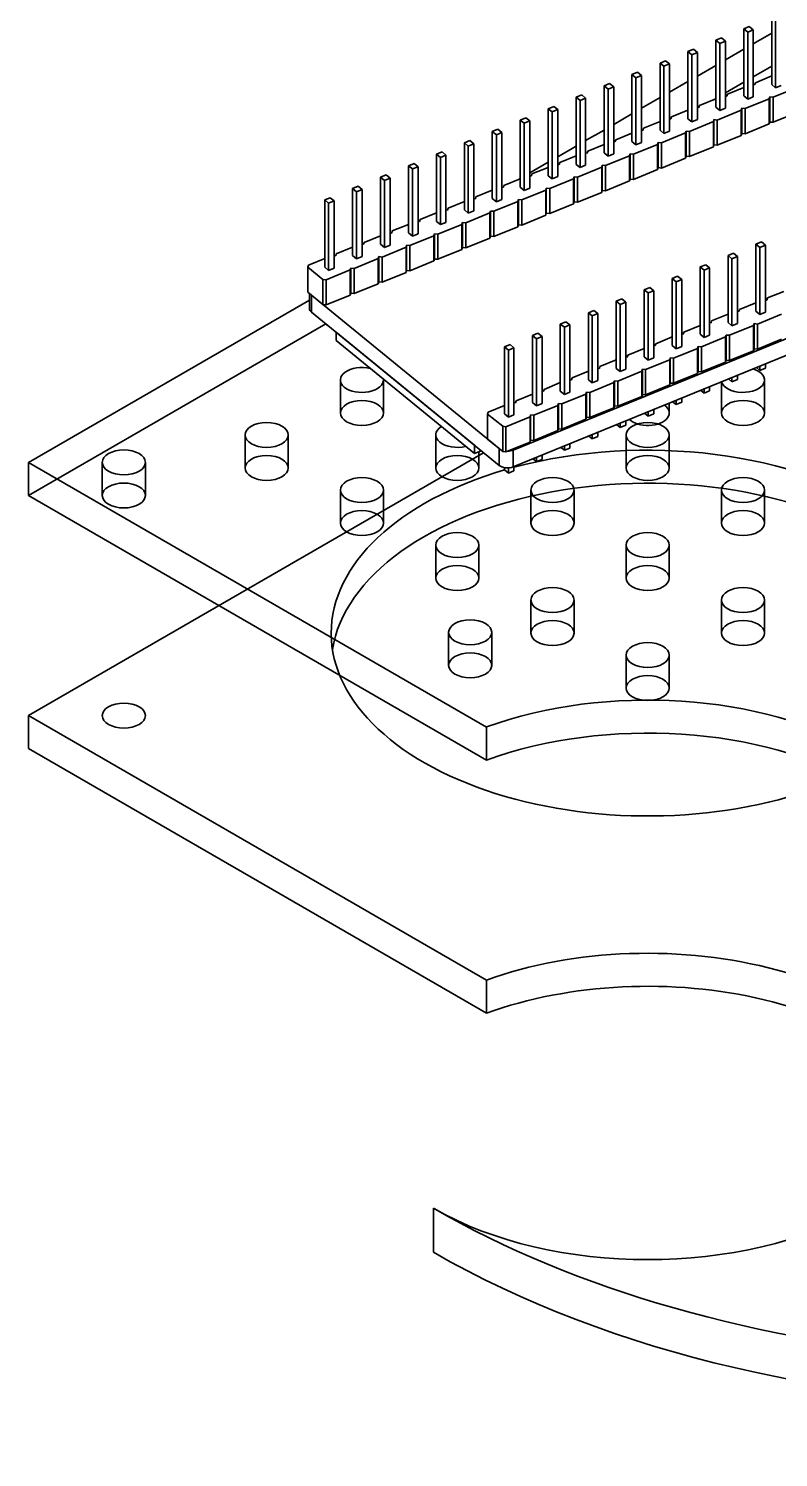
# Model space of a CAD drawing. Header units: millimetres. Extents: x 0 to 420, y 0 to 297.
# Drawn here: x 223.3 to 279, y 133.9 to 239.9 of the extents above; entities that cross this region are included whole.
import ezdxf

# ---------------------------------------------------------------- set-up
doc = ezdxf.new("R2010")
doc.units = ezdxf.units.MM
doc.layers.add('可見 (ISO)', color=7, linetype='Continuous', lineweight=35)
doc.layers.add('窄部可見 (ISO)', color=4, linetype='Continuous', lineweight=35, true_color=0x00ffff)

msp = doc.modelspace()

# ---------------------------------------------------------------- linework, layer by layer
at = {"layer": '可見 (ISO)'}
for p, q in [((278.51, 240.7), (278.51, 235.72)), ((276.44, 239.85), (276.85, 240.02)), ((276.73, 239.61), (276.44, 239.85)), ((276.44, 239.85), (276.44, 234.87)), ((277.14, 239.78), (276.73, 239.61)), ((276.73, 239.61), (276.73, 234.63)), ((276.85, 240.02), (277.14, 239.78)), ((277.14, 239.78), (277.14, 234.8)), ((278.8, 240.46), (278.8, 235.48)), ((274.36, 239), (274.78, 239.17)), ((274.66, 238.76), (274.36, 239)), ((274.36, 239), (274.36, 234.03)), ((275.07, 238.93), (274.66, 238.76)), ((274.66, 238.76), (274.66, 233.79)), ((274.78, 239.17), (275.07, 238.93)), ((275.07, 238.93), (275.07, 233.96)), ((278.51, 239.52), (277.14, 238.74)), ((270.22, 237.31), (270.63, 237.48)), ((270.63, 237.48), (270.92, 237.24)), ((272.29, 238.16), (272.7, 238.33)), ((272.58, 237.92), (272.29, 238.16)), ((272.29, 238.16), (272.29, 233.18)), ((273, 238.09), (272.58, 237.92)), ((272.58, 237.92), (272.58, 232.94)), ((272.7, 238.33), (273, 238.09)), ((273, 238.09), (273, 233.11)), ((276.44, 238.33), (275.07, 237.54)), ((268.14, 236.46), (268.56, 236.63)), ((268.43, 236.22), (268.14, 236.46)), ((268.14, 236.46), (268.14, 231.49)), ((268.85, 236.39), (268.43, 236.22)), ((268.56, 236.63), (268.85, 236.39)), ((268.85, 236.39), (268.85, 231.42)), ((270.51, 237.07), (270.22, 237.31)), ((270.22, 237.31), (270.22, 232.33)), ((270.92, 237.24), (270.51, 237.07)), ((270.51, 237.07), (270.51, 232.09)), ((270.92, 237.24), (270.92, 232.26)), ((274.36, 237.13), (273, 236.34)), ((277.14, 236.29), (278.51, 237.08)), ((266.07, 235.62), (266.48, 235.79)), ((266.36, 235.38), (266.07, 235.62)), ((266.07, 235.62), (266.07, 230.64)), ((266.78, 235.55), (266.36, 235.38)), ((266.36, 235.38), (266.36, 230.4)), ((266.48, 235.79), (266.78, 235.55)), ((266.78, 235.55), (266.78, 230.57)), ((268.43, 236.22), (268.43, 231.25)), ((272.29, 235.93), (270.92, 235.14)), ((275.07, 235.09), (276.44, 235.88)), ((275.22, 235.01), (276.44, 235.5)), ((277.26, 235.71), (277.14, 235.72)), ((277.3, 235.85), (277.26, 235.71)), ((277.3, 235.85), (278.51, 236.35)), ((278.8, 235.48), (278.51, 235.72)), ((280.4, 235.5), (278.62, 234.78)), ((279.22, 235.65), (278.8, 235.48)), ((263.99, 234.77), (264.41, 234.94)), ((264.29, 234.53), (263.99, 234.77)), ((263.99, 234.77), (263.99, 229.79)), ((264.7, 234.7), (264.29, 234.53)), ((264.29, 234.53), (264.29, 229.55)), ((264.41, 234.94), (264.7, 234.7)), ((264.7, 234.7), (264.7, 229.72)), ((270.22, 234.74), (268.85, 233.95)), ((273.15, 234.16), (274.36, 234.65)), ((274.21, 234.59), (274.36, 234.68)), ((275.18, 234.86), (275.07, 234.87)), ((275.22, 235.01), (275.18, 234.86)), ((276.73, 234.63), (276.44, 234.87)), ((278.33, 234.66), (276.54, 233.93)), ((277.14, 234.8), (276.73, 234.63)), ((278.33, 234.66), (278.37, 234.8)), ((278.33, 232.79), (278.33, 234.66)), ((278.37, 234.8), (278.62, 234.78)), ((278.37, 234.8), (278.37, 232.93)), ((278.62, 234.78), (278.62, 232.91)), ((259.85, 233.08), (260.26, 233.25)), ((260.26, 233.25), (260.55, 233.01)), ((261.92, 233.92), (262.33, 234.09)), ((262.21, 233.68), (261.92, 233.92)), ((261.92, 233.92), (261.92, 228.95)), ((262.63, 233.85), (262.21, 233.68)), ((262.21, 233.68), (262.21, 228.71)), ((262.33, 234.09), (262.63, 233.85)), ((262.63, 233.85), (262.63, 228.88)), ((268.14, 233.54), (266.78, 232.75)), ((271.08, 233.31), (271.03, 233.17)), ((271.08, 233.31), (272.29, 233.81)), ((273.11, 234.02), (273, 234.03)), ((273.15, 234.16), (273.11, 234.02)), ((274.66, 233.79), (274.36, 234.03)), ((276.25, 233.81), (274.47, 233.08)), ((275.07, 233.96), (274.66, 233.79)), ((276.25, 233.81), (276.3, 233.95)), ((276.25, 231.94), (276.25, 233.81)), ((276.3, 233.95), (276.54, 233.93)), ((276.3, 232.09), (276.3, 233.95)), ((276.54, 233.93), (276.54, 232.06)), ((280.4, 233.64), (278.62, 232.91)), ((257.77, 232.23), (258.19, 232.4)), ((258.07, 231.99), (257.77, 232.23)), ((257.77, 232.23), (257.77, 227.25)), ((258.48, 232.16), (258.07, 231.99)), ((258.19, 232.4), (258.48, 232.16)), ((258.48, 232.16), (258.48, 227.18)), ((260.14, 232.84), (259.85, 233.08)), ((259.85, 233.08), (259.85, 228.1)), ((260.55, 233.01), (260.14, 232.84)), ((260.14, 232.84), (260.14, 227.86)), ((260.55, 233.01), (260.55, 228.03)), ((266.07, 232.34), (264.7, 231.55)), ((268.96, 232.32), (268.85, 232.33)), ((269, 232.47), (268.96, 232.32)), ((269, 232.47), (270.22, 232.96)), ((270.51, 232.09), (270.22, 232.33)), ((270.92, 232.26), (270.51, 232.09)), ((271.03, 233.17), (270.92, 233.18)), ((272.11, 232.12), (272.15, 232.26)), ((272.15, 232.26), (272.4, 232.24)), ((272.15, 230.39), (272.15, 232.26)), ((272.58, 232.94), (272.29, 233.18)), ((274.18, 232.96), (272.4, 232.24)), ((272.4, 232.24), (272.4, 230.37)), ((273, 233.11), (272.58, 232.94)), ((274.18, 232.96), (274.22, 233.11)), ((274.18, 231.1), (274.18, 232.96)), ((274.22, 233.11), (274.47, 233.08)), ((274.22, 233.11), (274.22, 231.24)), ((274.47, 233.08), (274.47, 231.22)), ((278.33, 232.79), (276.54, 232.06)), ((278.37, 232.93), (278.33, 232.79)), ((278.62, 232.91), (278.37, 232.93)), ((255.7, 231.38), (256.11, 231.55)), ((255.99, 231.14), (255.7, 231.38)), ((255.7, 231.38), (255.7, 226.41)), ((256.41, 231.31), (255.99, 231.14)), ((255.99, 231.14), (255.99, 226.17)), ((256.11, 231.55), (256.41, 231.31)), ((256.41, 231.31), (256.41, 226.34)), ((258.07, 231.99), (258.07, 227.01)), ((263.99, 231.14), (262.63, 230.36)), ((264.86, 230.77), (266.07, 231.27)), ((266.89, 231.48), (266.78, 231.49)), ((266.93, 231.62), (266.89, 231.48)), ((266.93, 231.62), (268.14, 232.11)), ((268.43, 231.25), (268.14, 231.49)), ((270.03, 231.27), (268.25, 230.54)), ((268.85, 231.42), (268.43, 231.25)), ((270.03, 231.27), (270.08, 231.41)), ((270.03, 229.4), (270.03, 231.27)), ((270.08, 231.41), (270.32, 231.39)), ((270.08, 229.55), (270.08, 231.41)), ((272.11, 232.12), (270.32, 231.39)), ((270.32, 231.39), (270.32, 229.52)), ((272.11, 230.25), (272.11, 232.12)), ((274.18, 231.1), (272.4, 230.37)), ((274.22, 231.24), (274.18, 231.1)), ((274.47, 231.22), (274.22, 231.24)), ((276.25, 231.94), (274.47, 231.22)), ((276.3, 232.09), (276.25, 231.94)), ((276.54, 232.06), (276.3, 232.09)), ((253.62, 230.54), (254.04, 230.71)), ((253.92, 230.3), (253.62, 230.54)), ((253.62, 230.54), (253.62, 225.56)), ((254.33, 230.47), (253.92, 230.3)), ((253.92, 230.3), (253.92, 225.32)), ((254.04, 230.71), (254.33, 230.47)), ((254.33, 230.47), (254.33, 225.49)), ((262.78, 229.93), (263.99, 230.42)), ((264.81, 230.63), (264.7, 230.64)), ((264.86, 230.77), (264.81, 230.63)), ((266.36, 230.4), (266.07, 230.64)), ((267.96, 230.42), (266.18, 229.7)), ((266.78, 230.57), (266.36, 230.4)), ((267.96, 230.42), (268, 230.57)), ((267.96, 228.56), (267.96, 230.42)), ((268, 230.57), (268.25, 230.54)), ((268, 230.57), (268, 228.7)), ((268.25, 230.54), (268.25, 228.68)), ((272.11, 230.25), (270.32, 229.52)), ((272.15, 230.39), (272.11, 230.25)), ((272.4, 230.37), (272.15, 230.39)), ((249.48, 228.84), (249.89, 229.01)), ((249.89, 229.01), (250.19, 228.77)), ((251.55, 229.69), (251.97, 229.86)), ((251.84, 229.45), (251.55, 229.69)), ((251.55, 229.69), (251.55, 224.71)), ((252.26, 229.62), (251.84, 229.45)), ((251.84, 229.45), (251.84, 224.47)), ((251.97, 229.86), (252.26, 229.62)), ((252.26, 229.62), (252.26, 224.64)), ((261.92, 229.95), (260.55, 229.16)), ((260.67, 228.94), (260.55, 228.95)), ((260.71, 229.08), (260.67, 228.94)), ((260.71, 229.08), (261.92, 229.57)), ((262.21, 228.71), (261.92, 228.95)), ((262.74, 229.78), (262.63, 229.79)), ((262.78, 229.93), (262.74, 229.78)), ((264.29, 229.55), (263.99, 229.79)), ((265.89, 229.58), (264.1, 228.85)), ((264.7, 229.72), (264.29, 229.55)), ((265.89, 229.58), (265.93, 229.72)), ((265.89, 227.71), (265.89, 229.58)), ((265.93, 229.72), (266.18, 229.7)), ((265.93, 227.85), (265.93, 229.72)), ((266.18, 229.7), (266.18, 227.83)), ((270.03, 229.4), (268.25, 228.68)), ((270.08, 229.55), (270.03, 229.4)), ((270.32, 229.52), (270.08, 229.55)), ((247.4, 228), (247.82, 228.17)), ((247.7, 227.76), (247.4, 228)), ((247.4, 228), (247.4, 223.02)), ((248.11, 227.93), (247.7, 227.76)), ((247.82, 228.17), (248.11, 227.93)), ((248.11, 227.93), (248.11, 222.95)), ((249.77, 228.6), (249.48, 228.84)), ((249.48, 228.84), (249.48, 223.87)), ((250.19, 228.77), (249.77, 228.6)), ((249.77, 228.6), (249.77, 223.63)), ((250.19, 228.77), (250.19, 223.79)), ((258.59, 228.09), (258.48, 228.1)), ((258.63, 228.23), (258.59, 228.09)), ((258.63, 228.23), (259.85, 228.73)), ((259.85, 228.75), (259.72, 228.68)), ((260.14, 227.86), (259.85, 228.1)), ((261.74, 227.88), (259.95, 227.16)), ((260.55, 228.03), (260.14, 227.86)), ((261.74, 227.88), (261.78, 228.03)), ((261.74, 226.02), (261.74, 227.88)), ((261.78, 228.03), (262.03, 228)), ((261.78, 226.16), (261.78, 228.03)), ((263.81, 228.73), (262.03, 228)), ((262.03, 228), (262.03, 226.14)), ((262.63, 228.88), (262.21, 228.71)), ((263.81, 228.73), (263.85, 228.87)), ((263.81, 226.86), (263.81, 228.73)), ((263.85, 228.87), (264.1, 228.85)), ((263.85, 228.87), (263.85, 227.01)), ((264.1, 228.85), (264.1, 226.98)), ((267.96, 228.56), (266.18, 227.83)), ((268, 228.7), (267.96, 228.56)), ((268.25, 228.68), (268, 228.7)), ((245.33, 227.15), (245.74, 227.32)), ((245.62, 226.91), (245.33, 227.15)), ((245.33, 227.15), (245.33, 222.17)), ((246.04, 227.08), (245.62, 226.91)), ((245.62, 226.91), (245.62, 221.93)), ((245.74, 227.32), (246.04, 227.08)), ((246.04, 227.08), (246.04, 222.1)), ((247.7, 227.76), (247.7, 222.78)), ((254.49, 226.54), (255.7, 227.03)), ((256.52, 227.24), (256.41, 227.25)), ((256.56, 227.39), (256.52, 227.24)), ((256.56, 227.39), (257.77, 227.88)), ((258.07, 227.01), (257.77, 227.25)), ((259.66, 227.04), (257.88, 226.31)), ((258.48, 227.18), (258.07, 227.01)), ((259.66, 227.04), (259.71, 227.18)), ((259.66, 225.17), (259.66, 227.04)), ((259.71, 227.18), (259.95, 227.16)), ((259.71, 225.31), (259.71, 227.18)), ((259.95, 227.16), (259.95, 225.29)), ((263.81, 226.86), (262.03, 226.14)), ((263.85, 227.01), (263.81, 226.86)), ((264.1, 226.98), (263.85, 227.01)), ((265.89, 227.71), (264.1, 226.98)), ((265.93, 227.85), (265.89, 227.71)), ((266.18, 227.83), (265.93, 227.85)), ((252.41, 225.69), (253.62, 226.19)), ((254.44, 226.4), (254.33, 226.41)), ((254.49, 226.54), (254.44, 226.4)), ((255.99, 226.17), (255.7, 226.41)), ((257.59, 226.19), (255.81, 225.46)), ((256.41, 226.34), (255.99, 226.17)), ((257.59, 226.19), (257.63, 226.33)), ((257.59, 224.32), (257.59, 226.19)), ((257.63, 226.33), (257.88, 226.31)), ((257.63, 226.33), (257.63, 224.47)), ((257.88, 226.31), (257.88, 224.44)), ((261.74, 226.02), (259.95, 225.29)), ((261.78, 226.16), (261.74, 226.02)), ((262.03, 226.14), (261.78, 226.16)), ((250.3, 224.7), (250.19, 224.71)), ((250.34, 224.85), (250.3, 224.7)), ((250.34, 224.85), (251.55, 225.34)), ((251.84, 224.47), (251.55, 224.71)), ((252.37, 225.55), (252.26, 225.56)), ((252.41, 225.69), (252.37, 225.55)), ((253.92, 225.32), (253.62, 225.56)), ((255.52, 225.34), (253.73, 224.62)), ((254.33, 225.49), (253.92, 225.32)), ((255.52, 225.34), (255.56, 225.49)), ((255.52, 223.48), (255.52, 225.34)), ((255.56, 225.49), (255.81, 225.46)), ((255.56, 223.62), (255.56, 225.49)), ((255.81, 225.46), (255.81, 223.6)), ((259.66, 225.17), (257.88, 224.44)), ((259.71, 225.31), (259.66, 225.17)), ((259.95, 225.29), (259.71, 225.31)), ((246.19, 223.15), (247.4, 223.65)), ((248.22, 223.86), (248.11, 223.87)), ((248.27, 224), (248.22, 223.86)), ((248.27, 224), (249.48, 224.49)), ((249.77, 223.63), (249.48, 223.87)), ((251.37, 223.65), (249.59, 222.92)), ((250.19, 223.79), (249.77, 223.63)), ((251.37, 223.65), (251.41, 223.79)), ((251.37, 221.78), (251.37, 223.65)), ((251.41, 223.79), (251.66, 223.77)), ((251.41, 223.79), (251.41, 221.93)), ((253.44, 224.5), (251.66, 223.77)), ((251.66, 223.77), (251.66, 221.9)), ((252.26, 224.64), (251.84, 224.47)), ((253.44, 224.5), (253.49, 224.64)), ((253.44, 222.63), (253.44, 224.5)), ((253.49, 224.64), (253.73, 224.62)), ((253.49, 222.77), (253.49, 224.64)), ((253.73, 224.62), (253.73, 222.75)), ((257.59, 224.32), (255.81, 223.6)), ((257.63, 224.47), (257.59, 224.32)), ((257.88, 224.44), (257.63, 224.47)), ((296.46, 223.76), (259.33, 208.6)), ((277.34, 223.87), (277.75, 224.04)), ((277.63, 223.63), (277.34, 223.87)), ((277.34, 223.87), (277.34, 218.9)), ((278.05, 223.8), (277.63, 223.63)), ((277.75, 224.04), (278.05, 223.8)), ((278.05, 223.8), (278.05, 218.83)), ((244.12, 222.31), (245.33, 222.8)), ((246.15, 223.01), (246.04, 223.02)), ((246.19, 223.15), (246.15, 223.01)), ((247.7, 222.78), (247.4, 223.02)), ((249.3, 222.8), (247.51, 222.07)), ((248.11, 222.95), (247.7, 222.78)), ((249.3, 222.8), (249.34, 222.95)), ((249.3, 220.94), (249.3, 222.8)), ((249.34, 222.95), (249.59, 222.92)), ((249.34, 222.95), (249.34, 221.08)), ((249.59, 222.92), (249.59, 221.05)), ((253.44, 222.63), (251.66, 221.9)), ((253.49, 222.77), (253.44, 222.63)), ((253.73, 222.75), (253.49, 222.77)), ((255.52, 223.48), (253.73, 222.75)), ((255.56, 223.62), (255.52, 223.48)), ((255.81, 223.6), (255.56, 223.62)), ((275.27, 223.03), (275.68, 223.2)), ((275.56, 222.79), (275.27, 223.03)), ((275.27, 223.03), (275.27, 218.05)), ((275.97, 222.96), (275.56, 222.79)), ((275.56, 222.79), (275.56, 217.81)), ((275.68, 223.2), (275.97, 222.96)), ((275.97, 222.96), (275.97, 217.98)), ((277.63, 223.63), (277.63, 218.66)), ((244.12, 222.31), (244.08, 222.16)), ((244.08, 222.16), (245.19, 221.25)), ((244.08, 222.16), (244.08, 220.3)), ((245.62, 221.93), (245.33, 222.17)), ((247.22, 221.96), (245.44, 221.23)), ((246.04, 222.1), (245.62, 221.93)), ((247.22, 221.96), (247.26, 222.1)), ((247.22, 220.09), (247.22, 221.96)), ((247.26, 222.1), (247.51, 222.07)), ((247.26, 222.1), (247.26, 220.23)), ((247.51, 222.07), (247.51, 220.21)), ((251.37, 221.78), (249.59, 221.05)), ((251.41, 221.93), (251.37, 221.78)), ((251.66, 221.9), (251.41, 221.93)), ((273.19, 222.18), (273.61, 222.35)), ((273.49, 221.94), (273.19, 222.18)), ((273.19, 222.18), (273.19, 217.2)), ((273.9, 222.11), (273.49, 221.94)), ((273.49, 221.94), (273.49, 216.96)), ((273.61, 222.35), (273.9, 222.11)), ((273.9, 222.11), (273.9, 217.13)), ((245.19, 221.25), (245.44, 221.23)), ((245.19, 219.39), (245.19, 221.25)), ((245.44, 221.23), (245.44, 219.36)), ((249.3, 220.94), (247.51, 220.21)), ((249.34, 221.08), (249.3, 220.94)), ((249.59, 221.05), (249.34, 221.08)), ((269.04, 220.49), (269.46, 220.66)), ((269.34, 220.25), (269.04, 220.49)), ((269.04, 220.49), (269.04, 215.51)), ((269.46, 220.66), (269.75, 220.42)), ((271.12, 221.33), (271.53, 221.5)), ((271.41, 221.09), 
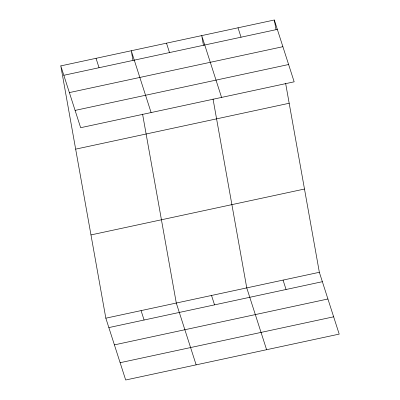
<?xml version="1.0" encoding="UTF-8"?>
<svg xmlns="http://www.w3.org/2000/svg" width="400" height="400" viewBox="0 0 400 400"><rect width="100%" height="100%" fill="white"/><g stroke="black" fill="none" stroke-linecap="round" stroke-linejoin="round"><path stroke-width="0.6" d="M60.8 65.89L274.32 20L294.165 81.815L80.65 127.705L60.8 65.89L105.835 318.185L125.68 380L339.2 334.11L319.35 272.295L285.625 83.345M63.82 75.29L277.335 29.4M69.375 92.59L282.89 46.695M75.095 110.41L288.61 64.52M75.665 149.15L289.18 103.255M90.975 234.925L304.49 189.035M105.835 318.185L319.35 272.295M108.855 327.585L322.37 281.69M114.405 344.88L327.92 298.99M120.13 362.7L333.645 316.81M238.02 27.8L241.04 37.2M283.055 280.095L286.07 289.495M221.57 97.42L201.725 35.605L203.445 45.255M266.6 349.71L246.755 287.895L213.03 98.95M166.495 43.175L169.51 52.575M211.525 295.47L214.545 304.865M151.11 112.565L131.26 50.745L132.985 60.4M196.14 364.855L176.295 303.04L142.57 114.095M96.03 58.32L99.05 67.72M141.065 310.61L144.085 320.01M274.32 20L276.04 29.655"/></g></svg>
++++++++
* Task goal *
On how many lines of the material does the word "color" appear? Reply with the number alone.

* Answer section *
2